I always knew it. But for the first time it has been scientifically measured. A new study has shown that unpleasant smells attack the immune system and that good smells lift it.

The research was part of the recent Arise pleasure and immunity conference. Arise - the Associates for Research into the Science of Enjoyment - is kind of the Martyn "Good News" Lewis of the science world. They are a group of scientists who look at how good things can keep us healthy, to balance the traditional research route of problem solving.

The smell test was done by Dr Angela Clow, senior lecturer in psychophysiology at the University of Westminster. In the test three groups of people were exposed to the smell of rotten meat, melted chocolate and water - representing (unsurprisingly) unpleasant, pleasant and neutral smells.

They were blindfolded, exposed to the smells and asked how they felt after each exposure, and their saliva was measured for the concentration and secretion rate of secretory Immunoglobulin-A (sIgA).

The most interesting result was the difference between men and women's responses. It may explain why men are such insensitive malodorous beasts and women are such whining wimps. Women's reporting of how awful the meat was and how calming the chocolate was far more extreme. The men apparently didn't notice the whiffs so much either way (which accounts for the unequal division of laundry labour). However the male immune response was actually stronger than the women's - positive for the chocolate, negative for the meat. They were suffering in silence.

Why should smell affect our immune system? Probably it's evolutionary. "Odour is processed in the same evolutionary ancient part of the brain as the emotions," says Dr Clowe.

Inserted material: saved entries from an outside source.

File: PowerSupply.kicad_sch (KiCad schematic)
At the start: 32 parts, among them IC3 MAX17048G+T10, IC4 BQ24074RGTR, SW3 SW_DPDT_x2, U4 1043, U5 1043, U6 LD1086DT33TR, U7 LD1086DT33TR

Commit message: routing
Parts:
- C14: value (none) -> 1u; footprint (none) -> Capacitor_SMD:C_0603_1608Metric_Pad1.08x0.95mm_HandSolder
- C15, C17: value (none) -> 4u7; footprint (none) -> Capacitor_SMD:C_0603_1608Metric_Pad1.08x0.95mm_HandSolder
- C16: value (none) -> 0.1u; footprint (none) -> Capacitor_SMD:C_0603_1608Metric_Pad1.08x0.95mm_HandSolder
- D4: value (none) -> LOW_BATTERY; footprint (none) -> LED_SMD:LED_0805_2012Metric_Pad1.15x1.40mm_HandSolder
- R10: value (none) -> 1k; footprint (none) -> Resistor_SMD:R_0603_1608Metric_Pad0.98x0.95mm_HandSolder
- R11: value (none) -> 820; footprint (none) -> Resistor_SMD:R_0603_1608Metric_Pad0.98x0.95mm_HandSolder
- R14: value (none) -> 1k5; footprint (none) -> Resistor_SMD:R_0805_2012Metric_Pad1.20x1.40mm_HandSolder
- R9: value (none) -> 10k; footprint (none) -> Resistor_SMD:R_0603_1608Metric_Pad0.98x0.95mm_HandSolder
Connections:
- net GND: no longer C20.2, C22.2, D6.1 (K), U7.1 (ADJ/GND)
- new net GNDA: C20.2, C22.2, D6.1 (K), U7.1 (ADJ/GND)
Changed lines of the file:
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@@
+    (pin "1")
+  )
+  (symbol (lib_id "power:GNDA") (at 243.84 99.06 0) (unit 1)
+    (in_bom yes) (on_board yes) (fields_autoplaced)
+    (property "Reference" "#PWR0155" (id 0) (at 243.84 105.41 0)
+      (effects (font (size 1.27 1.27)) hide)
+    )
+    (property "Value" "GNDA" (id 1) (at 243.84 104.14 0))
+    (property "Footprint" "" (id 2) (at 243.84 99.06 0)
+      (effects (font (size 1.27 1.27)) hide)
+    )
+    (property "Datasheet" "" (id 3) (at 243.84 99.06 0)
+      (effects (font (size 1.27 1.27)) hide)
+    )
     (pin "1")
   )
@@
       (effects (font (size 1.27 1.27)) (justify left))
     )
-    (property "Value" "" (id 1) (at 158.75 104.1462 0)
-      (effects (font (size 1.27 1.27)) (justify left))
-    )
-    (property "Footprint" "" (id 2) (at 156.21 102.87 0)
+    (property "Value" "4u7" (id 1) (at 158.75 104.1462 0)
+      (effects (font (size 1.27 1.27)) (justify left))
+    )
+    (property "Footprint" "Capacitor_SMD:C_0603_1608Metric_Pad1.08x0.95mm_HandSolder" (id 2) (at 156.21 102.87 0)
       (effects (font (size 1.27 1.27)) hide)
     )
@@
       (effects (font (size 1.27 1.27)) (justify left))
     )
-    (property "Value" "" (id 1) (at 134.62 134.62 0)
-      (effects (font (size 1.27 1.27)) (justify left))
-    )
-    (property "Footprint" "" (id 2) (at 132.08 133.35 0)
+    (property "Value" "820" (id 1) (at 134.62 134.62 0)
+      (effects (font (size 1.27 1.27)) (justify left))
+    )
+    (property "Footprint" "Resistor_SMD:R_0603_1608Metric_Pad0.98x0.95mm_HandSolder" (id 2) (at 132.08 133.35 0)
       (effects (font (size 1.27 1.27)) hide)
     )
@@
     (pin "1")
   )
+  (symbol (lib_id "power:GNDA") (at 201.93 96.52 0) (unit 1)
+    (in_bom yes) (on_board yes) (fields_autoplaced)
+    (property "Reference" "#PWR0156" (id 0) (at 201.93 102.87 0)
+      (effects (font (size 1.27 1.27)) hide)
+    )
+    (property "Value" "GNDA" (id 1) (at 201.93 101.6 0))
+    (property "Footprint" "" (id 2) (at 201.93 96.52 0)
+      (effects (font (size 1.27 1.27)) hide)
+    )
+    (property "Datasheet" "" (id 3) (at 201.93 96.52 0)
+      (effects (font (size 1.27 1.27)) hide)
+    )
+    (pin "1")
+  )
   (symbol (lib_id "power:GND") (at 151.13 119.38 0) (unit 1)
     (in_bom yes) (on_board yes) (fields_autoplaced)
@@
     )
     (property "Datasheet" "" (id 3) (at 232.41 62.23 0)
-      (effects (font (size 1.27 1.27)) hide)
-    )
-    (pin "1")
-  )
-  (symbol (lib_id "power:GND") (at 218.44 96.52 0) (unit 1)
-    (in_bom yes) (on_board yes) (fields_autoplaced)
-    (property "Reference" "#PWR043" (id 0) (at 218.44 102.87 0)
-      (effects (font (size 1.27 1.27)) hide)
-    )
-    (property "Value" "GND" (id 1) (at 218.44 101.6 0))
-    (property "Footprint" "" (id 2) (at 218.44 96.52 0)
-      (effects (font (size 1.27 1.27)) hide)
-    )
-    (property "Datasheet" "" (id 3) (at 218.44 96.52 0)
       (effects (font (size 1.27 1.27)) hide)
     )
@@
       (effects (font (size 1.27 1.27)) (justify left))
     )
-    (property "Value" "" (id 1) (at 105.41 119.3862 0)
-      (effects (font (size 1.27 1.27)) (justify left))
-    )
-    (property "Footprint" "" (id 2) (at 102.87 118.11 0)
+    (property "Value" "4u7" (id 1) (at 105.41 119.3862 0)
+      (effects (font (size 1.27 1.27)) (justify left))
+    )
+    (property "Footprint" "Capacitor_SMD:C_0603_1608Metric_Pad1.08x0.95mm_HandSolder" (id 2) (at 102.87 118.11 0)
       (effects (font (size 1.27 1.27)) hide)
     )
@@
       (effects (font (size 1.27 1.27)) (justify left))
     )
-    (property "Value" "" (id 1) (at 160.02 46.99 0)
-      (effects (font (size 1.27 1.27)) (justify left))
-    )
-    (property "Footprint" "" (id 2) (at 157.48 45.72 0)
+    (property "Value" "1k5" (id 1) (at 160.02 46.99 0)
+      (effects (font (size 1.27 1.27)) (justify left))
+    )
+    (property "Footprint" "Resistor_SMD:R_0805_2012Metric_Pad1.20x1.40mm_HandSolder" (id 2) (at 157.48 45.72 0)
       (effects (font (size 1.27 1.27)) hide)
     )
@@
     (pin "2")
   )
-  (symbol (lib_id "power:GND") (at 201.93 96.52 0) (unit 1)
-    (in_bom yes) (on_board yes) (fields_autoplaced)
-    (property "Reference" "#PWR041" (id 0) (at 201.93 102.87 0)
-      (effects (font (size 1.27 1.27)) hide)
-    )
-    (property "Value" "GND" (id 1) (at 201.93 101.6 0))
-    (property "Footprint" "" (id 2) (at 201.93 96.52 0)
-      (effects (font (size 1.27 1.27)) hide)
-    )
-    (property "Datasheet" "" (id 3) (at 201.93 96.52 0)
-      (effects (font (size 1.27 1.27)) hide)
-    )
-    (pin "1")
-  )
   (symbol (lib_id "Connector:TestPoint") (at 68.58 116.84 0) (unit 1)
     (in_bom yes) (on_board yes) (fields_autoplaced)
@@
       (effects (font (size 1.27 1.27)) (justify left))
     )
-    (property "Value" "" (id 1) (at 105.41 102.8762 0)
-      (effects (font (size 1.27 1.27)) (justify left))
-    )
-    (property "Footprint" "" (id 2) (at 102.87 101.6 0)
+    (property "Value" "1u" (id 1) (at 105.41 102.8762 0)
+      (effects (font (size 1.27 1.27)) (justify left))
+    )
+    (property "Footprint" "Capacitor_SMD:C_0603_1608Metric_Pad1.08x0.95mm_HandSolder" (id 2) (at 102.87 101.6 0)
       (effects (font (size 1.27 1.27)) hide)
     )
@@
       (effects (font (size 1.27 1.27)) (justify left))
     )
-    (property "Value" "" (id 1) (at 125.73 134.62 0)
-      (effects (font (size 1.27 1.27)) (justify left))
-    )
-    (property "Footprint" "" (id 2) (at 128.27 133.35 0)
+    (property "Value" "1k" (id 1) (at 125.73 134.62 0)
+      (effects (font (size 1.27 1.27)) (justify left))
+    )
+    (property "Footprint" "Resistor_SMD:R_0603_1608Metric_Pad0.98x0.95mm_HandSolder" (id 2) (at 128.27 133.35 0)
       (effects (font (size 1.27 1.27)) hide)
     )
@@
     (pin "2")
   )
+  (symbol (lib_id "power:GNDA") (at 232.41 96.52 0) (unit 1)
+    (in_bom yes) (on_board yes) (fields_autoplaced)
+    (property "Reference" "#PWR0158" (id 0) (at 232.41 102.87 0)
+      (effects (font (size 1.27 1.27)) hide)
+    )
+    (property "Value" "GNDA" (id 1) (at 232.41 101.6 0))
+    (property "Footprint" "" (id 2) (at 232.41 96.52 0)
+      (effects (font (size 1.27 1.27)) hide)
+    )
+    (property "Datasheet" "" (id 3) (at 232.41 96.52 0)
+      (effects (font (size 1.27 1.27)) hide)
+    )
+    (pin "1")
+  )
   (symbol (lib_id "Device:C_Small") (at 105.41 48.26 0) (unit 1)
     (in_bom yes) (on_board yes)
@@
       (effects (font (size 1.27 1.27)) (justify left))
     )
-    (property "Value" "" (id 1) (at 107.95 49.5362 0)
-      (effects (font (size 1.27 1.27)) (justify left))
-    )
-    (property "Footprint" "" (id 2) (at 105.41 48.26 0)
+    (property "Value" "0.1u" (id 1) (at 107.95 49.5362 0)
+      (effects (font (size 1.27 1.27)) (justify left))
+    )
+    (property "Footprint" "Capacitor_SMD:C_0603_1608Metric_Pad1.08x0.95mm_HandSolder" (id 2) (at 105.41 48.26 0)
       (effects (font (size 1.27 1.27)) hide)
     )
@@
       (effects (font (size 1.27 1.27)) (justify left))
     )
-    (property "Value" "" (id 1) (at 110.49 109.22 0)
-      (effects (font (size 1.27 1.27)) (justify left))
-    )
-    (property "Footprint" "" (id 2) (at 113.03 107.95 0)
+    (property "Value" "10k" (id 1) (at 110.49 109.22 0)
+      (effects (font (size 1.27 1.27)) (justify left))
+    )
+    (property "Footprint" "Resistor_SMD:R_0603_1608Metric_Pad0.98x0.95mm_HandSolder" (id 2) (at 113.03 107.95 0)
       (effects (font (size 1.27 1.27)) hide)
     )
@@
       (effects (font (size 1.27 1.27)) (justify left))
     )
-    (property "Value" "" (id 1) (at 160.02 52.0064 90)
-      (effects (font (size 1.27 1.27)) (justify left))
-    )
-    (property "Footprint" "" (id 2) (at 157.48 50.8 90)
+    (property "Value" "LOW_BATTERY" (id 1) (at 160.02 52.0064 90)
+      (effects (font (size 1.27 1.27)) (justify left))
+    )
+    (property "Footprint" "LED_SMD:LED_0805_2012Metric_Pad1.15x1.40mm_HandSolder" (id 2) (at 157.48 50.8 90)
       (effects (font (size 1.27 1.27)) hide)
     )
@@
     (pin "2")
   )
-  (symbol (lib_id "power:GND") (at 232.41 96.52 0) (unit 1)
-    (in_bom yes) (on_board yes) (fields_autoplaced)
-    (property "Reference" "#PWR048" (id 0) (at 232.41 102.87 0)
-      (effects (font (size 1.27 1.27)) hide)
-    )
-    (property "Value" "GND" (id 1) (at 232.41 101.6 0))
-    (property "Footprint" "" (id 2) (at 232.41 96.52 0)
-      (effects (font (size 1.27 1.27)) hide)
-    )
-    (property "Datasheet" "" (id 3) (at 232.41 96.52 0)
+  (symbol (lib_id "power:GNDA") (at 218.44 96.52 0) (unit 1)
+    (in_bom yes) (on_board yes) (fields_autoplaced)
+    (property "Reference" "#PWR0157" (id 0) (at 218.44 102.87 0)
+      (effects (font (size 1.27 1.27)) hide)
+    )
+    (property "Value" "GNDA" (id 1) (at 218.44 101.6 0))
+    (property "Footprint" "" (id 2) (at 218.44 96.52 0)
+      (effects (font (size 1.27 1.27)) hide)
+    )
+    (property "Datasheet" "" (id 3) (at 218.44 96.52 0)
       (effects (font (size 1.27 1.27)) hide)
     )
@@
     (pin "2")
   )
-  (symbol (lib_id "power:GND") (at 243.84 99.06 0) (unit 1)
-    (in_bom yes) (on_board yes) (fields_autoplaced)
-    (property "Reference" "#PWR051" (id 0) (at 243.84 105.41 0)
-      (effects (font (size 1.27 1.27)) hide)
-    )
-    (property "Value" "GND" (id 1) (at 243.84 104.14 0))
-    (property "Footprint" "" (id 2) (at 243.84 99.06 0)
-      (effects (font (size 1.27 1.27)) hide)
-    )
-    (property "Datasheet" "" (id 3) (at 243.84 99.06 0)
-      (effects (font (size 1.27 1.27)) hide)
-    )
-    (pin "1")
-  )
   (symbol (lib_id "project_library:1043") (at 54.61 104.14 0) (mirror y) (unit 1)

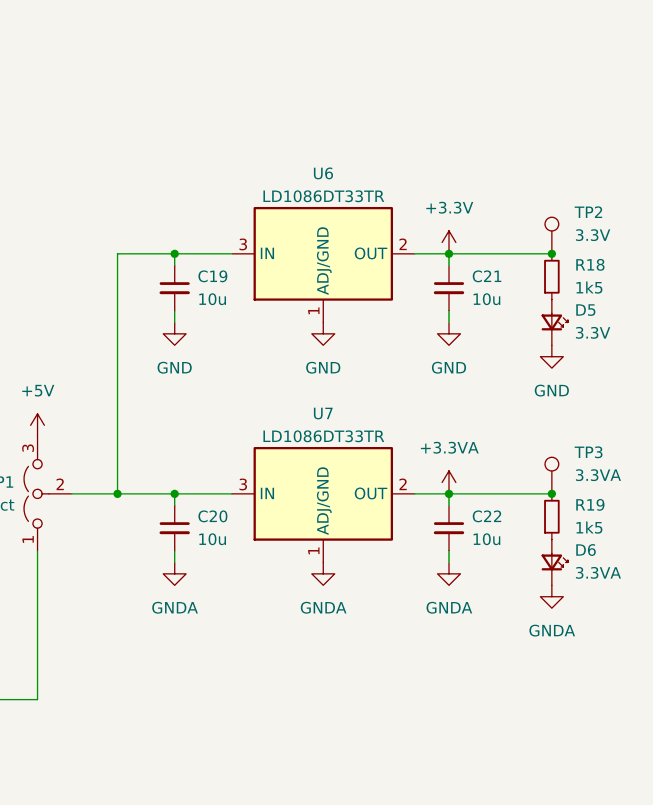
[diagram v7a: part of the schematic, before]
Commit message: changed linear regulators
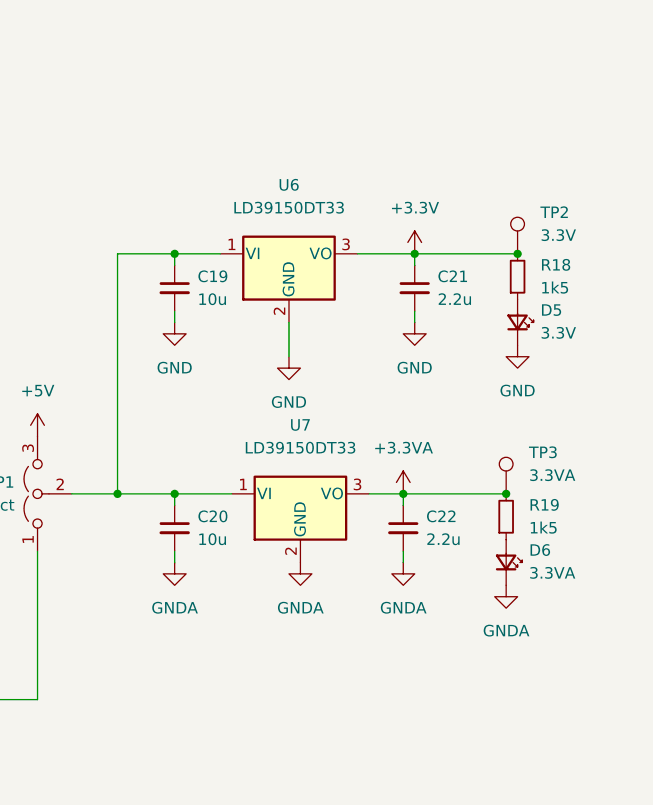
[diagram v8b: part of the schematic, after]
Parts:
- removed U6, U7: LD1086DT33TR, Package_TO_SOT_SMD:TO-252-2, symbol Regulator_Linear:LD1086DT33TR
- added U6, U7: LD39150DT33, Package_TO_SOT_SMD:TO-252-3_TabPin2, symbol Regulator_Linear:LD39150DT33
- C21, C22: value 10u -> 2.2u
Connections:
- net +3.3VA: now also U7.3 (VO)
- net +3V3: now also U6.3 (VO)
- net GND: now also U6.2 (GND)
- net GNDA: now also U7.2 (GND)
- net at C19.1, C20.1, JP1.2 (C): now also U6.1 (VI), U7.1 (VI)
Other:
- moved on the sheet: C21, C22, D5, D6, R18, R19, TP2, TP3

The obvious inference is that we should take a lot more note of the aromas surrounding us. Maybe we will soon sue fast-food restaurants, not because their coffee is too hot but because the greasy smell that guffs out of the air vents gives us bad vibes. What the study does not show is whether the effects are momentary or longer lasting, but it does suggest that it is a good thing to fill your house and office with pleasant smells.

The study also did not measure whether smell affects the body's second line of defence, the internal circulatory immune system which would be more important for the development of smell therapies. "There is a `common sense' idea that smells can be uplifting," says Andrew Vickers, director of research at the Research Council for Complementary Medicine. "But in the case of aromatherapy, the success is so far largely anecdotal. A smell alone is not an effective cure for depression, for example."

Another important point when deciding which smells will enhance your immune system may be personal association. Says Andrew Vickers: "There was an experiment where people were given a stressful intelligence test impregnated with a scent that was detectable, but not so strong that they would consciously register it. Afterwards, when the people encountered the same smell, they felt stressed." So before you fill your office with scented candles, know your own smells. Lavender is not oh-so-relaxing if, like me, you associate it with a recently deceased grandmother.

These are early days in smell and immune response research, but personally I can't wait for the time when people with too much perfume on are forced to wear government health warnings.